By Kylie Jordan
The idea of starting a workout regime can be scary, but there is an easy solution. Working out at home offers security, flexibility, and convenience in your routine that allows you to stay active.
Brayden Marlowe, a sophomore Exercise and Nutrition Science student at the University of Montevallo, says working out at home is a good alternative to working out in a gym. “Especially [for] people with busy lives, who are gone at work all day,” Marlowe said, “and when they do find time to work out, it is at night or in the morning at home.”
Working out at home is also more flexible for certain lifestyles. You get to regulate what time you work out at, what regimen you want to do, and it’s cheaper. “Not everyone can afford a gym membership with certain lifestyles,” Marlowe said.
There is also security in working out in the comfort of your own home. “There is a majority of people that do not like to workout in open gyms,” Marlowe explained. “You can do small things to fit into your life. It’s very beneficial.”
“You can do small things to fit into your life. It’s very beneficial.”
Brayden Marlowe
Learning proper form would be the biggest struggle working out by yourself at home. Marlowe said the best way to learn proper form is by repetition and dedication to your regimen at home until you get it right.
“You also have to watch videos and follow the people on social media that make multiple posts and describe form,” Marlowe said. “Even on YouTube, there’s a lot of great things that people break down how to get form and how to keep form.”
Here are the 5 ways to start working out at home.
1. Workout Challenges (Yoga/Pilates)
Workout challenges are a beginner’s guide to exercising at home. Workout challenges vary in length, whether you do a 14-day challenge, 30-day challenge, or 75-day challenge.
Workout challenges are also diverse in their content.
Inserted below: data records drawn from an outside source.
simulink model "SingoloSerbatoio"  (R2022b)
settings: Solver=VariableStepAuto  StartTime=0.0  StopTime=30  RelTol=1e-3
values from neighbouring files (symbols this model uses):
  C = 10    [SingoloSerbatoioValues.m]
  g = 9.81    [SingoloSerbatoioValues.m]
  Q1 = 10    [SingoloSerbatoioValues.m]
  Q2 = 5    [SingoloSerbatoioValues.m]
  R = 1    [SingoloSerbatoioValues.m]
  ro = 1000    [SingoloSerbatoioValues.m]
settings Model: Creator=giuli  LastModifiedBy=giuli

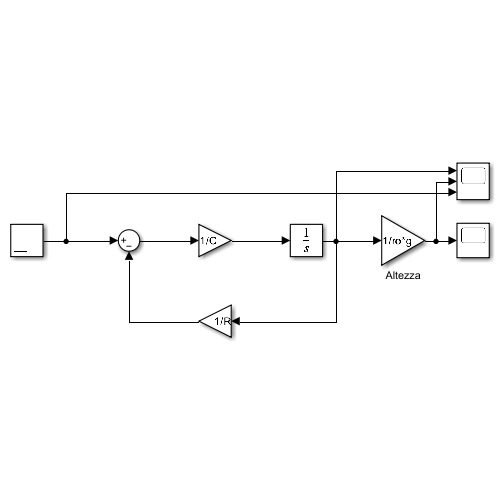
[thumbnail: Simulink's stored preview of the top-level diagram]
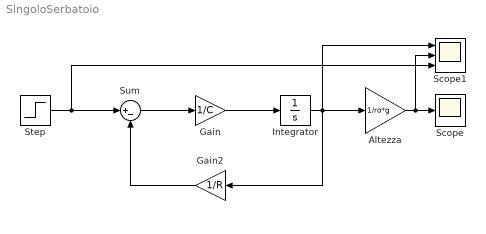
== system SingoloSerbatoio ==
  Altezza : Gain  Gain=1/ro*g
  Gain : Gain  Gain=1/C
  Gain2 : Gain  Gain=1/R
  Integrator : Integrator
  Scope : Scope
  Scope1 : Scope  NumInputPorts=3
  Step : Step  Time=10  Before=Q1  After=Q2  SampleTime=0
  Sum : Sum  Inputs=|+-
  wires:
  Gain/1 -> Integrator/1
  Sum/1 -> Gain/1
  Step/1 -> Scope1/3, Sum/1
  Integrator/1 -> Scope1/1, Gain2/1, Altezza/1
  Gain2/1 -> Sum/2
  Altezza/1 -> Scope1/2, Scope/1

There are yoga challenges on YouTube, cardio challenges on Pinterest, and sculpting with pilates challenges on Instagram that give you a range of content to choose from to make your new workout regimen at home something you can stick with.
Marlowe specifically mentions the Murph Challenge. It consists of a one-mile run, 100 pullups, 200 pushups, 300 squats, ending in another one-mile run. “I’ve done it before at home. It’s a challenge definitely. You try to do it in a specific time, but you do it just to do it,” Marlowe said.
If you want to buy equipment to workout at home, a yoga mat is a versatile tool you can use for almost every home workout.
2. Workout Videos
Without an instructor in a gym, you may seem lost when you begin. There are multiple workout videos online that you can follow to reach your fitness goals.
One great way to get started working out at home is through Nike Fitness on Netflix, Marlowe said. Nike Fitness on Netflix is a great example of working out at home with something you might already have, a Netflix subscription.
If you don’t have a Netflix subscription, Marlowe said there are still great videos on YouTube to follow along with an instructor.
3. Smaller Weights
Smaller weights up to 25 pounds are available at almost any store, like Target or Walmart, and are still effective in your at-home workout routine.
Marlowe says they’re still beneficial, especially if you are trying to stay in shape without getting stronger. “Even if you are trying to get stronger, you can just do more reps which will lead to strength at some point,” Marlowe said. “It will take longer than if you were to use heavier weights, but there is no problem with it because not everyone is strong, even genetically.”
“If you use small weights and they are benefiting you, there is no problem with it,” Marlowe said.
4. Use Body Weight in Movements
When done correctly with proper form, body weight movements can be as effective for beginners as lifting weights. Exercises like squats, lunges, planks and pull-ups are examples of ways you can exercise with just body weight.
“Body weight movements can be good, but at the same time, they can do nothing once you hit a certain strength capacity,” Marlowe said. “It can be a very good starting point.”
People who do calisthenics use all body weight in their exercises to build large muscle groups. “People who do that are insanely strong,” Marlowe said.
Body weight movements, coupled with the smaller weights, is best for beginners working out at home.
5. Cardio at Home
For weight loss, cardio is a valuable tool and very easy to do at home. You can run up flights of stairs in your apartment, go on an outdoor walk or run, or jump rope to perform cardio at home.
“It can be something as simple as waking up in the morning and walking or going for a jog or even a run,” Marlowe said. “There’s no problem with that because that can start your day for you.”
Cardio is easiest to get into a routine, Marlowe said. “You wake up, run a mile, come back and shower, and then go to work.”
Another easy way to incorporate cardio at home is an ab workout. “You’re watching your TV shows and lay down and do crunches or planks. Something like that.”